**Records provided**
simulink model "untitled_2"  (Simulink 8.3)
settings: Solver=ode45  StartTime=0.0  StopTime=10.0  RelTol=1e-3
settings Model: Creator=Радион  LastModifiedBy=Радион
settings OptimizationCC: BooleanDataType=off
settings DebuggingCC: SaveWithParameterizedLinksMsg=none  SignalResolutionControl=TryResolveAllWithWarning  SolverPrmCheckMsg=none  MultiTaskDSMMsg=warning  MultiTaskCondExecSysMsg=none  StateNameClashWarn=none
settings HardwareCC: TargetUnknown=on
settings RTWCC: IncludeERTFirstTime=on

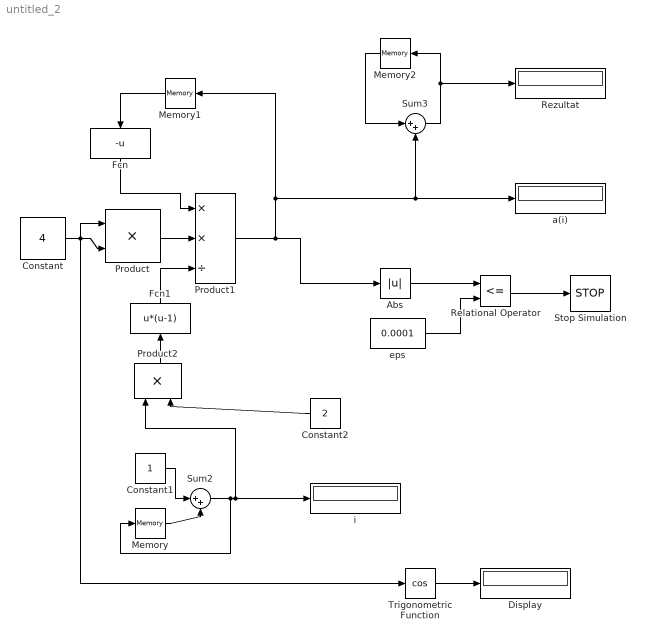
== system untitled_2 ==
  Abs : Abs  SaturateOnIntegerOverflow=on
  Constant : Constant  Value=4  VectorParams1D=off
  Constant1 : Constant
  Constant2 : Constant  Value=2
  Display : Display
  Fcn : Fcn  Expr=-u
  Fcn1 : Fcn  Expr=u*(u-1)
  Memory : Memory
  Memory1 : Memory  X0=1
  Memory2 : Memory  X0=1
  Product : Product  SaturateOnIntegerOverflow=on  RndMeth=Zero  InputSameDT=on  OutDataTypeStr=Inherit: Same as first input
  Product1 : Product  Inputs=**/  SaturateOnIntegerOverflow=on  RndMeth=Zero  InputSameDT=on  OutDataTypeStr=Inherit: Same as first input
  Product2 : Product  SaturateOnIntegerOverflow=on  RndMeth=Zero  InputSameDT=on  OutDataTypeStr=Inherit: Same as first input
  Relational Operator : RelationalOperator  Operator=<=  InputSameDT=on
  Rezultat : Display
  Stop Simulation : Stop
  Sum2 : Sum  Inputs=|++  SaturateOnIntegerOverflow=on  InputSameDT=on  OutDataTypeStr=Inherit: Same as first input
  Sum3 : Sum  Inputs=|++  SaturateOnIntegerOverflow=on  InputSameDT=on  OutDataTypeStr=Inherit: Same as first input
  Trigonometric Function : Trigonometry  Operator=cos
  a(i) : Display
  eps : Constant  Value=0.0001  VectorParams1D=off
  i : Display
  wires:
  Constant/1 -> Trigonometric Function/1, Product/1, Product/2
  Trigonometric Function/1 -> Display/1
  Product/1 -> Product1/2
  Constant1/1 -> Sum2/1
  Sum2/1 -> Memory/1, i/1, Product2/1
  Product1/1 -> Abs/1, Memory1/1, a(i)/1, Sum3/2
  Abs/1 -> Relational Operator/1
  eps/1 -> Relational Operator/2
  Relational Operator/1 -> Stop Simulation/1
  Fcn/1 -> Product1/1
  Sum3/1 -> Memory2/1, Rezultat/1
  Memory2/1 -> Sum3/1
  Memory1/1 -> Fcn/1
  Constant2/1 -> Product2/2
  Memory/1 -> Sum2/2
  Product2/1 -> Fcn1/1
  Fcn1/1 -> Product1/3

**Task item**
Every record must be set down again exactly; pictures do not belong in the copy.

**Response to the task**
simulink model "untitled_2"  (Simulink 8.3)
settings: Solver=ode45  StartTime=0.0  StopTime=10.0  RelTol=1e-3
settings Model: Creator=Радион  LastModifiedBy=Радион
settings OptimizationCC: BooleanDataType=off
settings DebuggingCC: SaveWithParameterizedLinksMsg=none  SignalResolutionControl=TryResolveAllWithWarning  SolverPrmCheckMsg=none  MultiTaskDSMMsg=warning  MultiTaskCondExecSysMsg=none  StateNameClashWarn=none
settings HardwareCC: TargetUnknown=on
settings RTWCC: IncludeERTFirstTime=on

== system untitled_2 ==
  Abs : Abs  SaturateOnIntegerOverflow=on
  Constant : Constant  Value=4  VectorParams1D=off
  Constant1 : Constant
  Constant2 : Constant  Value=2
  Display : Display
  Fcn : Fcn  Expr=-u
  Fcn1 : Fcn  Expr=u*(u-1)
  Memory : Memory
  Memory1 : Memory  X0=1
  Memory2 : Memory  X0=1
  Product : Product  SaturateOnIntegerOverflow=on  RndMeth=Zero  InputSameDT=on  OutDataTypeStr=Inherit: Same as first input
  Product1 : Product  Inputs=**/  SaturateOnIntegerOverflow=on  RndMeth=Zero  InputSameDT=on  OutDataTypeStr=Inherit: Same as first input
  Product2 : Product  SaturateOnIntegerOverflow=on  RndMeth=Zero  InputSameDT=on  OutDataTypeStr=Inherit: Same as first input
  Relational Operator : RelationalOperator  Operator=<=  InputSameDT=on
  Rezultat : Display
  Stop Simulation : Stop
  Sum2 : Sum  Inputs=|++  SaturateOnIntegerOverflow=on  InputSameDT=on  OutDataTypeStr=Inherit: Same as first input
  Sum3 : Sum  Inputs=|++  SaturateOnIntegerOverflow=on  InputSameDT=on  OutDataTypeStr=Inherit: Same as first input
  Trigonometric Function : Trigonometry  Operator=cos
  a(i) : Display
  eps : Constant  Value=0.0001  VectorParams1D=off
  i : Display
  wires:
  Constant/1 -> Trigonometric Function/1, Product/1, Product/2
  Trigonometric Function/1 -> Display/1
  Product/1 -> Product1/2
  Constant1/1 -> Sum2/1
  Sum2/1 -> Memory/1, i/1, Product2/1
  Product1/1 -> Abs/1, Memory1/1, a(i)/1, Sum3/2
  Abs/1 -> Relational Operator/1
  eps/1 -> Relational Operator/2
  Relational Operator/1 -> Stop Simulation/1
  Fcn/1 -> Product1/1
  Sum3/1 -> Memory2/1, Rezultat/1
  Memory2/1 -> Sum3/1
  Memory1/1 -> Fcn/1
  Constant2/1 -> Product2/2
  Memory/1 -> Sum2/2
  Product2/1 -> Fcn1/1
  Fcn1/1 -> Product1/3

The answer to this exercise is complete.